Read through the records below and copy each line that uses the word "CIRCLE".
━━━━
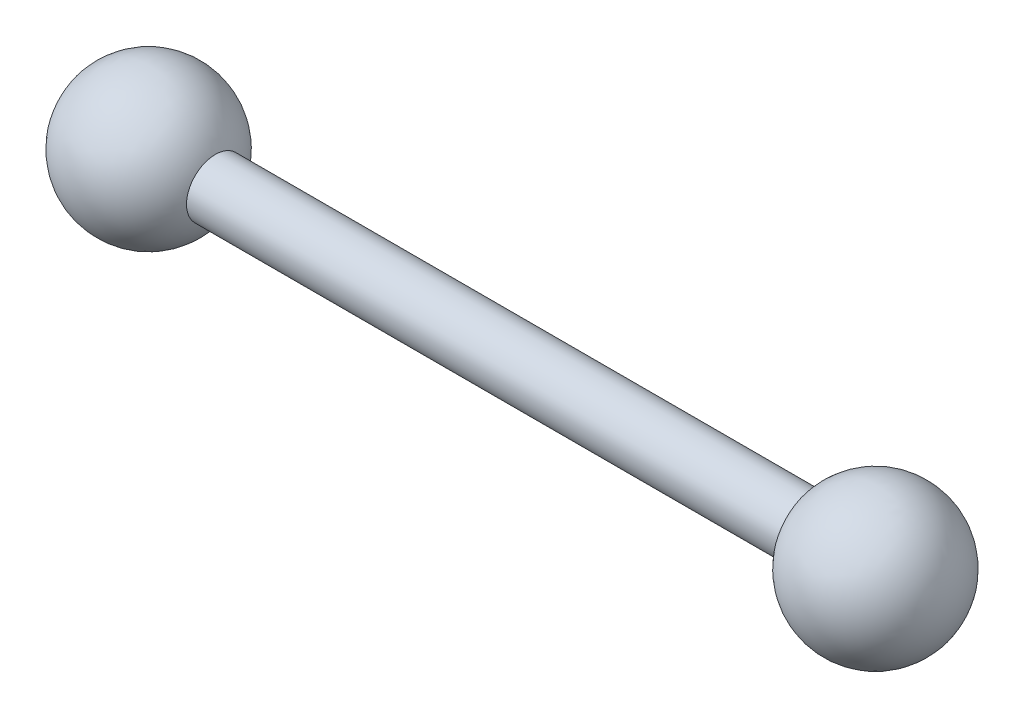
ISO-10303-21;
HEADER;
FILE_DESCRIPTION(('STEP AP214'),'2;1');
FILE_NAME('part.step','',(''),(''),'','','');
FILE_SCHEMA(('AUTOMOTIVE_DESIGN { 1 0 10303 214 1 1 1 1 }'));
ENDSEC;
DATA;
#1=APPLICATION_CONTEXT('core data for automotive mechanical design processes');
#2=APPLICATION_PROTOCOL_DEFINITION('international standard','automotive_design',2000,#1);
#3=PRODUCT_CONTEXT('',#1,'mechanical');
#4=PRODUCT('Part','Part','',(#3));
#5=PRODUCT_RELATED_PRODUCT_CATEGORY('part','',(#4));
#6=PRODUCT_DEFINITION_FORMATION('','',#4);
#7=PRODUCT_DEFINITION_CONTEXT('part definition',#1,'design');
#8=PRODUCT_DEFINITION('design','',#6,#7);
#9=PRODUCT_DEFINITION_SHAPE('','',#8);
#10=(LENGTH_UNIT() NAMED_UNIT(*) SI_UNIT(.MILLI.,.METRE.));
#11=(NAMED_UNIT(*) PLANE_ANGLE_UNIT() SI_UNIT($,.RADIAN.));
#12=(NAMED_UNIT(*) SI_UNIT($,.STERADIAN.) SOLID_ANGLE_UNIT());
#13=UNCERTAINTY_MEASURE_WITH_UNIT(LENGTH_MEASURE(1.E-05),#10,'distance_accuracy_value','');
#14=(GEOMETRIC_REPRESENTATION_CONTEXT(3) GLOBAL_UNCERTAINTY_ASSIGNED_CONTEXT((#13)) GLOBAL_UNIT_ASSIGNED_CONTEXT((#10,
#11,#12)) REPRESENTATION_CONTEXT('',''));
#15=CARTESIAN_POINT('',(0.,0.,0.));
#16=DIRECTION('',(0.,0.,1.));
#17=DIRECTION('',(1.,0.,0.));
#18=AXIS2_PLACEMENT_3D('',#15,#16,#17);
#19=CARTESIAN_POINT('',(0.,0.,0.));
#20=DIRECTION('',(-1.,0.,0.));
#21=DIRECTION('',(0.,1.,0.));
#22=AXIS2_PLACEMENT_3D('',#19,#20,#21);
#23=SPHERICAL_SURFACE('',#22,5.);
#24=CARTESIAN_POINT('',(4.59044617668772,0.,0.));
#25=DIRECTION('',(-1.,0.,0.));
#26=DIRECTION('',(0.,0.,1.));
#27=AXIS2_PLACEMENT_3D('',#24,#25,#26);
#28=CIRCLE('',#27,1.98186878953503);
#29=CARTESIAN_POINT('',(4.59044617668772,0.,1.98186878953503));
#30=VERTEX_POINT('',#29);
#31=EDGE_CURVE('E35',#30,#30,#28,.T.);
#32=ORIENTED_EDGE('',*,*,#31,.T.);
#33=EDGE_LOOP('',(#32));
#34=FACE_BOUND('',#33,.T.);
#35=ADVANCED_FACE('F29',(#34),#23,.T.);
#36=CARTESIAN_POINT('',(50.,0.,0.));
#37=DIRECTION('',(-1.,0.,0.));
#38=DIRECTION('',(0.,1.,0.));
#39=AXIS2_PLACEMENT_3D('',#36,#37,#38);
#40=SPHERICAL_SURFACE('',#39,5.);
#41=CARTESIAN_POINT('',(45.4095538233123,0.,0.));
#42=DIRECTION('',(-1.,0.,0.));
#43=DIRECTION('',(0.,0.,1.));
#44=AXIS2_PLACEMENT_3D('',#41,#42,#43);
#45=CIRCLE('',#44,1.98186878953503);
#46=CARTESIAN_POINT('',(45.4095538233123,0.,1.98186878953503));
#47=VERTEX_POINT('',#46);
#48=EDGE_CURVE('E10',#47,#47,#45,.T.);
#49=ORIENTED_EDGE('',*,*,#48,.F.);
#50=EDGE_LOOP('',(#49));
#51=FACE_BOUND('',#50,.T.);
#52=ADVANCED_FACE('F44',(#51),#40,.T.);
#53=CARTESIAN_POINT('',(-16.7296084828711,0.,0.));
#54=DIRECTION('',(-1.,0.,0.));
#55=DIRECTION('',(0.,0.,1.));
#56=AXIS2_PLACEMENT_3D('',#53,#54,#55);
#57=CYLINDRICAL_SURFACE('',#56,1.98186878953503);
#58=ORIENTED_EDGE('',*,*,#31,.F.);
#59=EDGE_LOOP('',(#58));
#60=FACE_BOUND('',#59,.T.);
#61=ORIENTED_EDGE('',*,*,#48,.T.);
#62=EDGE_LOOP('',(#61));
#63=FACE_BOUND('',#62,.T.);
#64=ADVANCED_FACE('F42',(#60,#63),#57,.T.);
#65=CLOSED_SHELL('',(#35,#52,#64));
#66=MANIFOLD_SOLID_BREP('B2',#65);
#67=ADVANCED_BREP_SHAPE_REPRESENTATION('',(#18,#66),#14);
#68=SHAPE_DEFINITION_REPRESENTATION(#9,#67);
ENDSEC;
END-ISO-10303-21;
━━━━
**Result:**
#28=CIRCLE('',#27,1.98186878953503);
#45=CIRCLE('',#44,1.98186878953503);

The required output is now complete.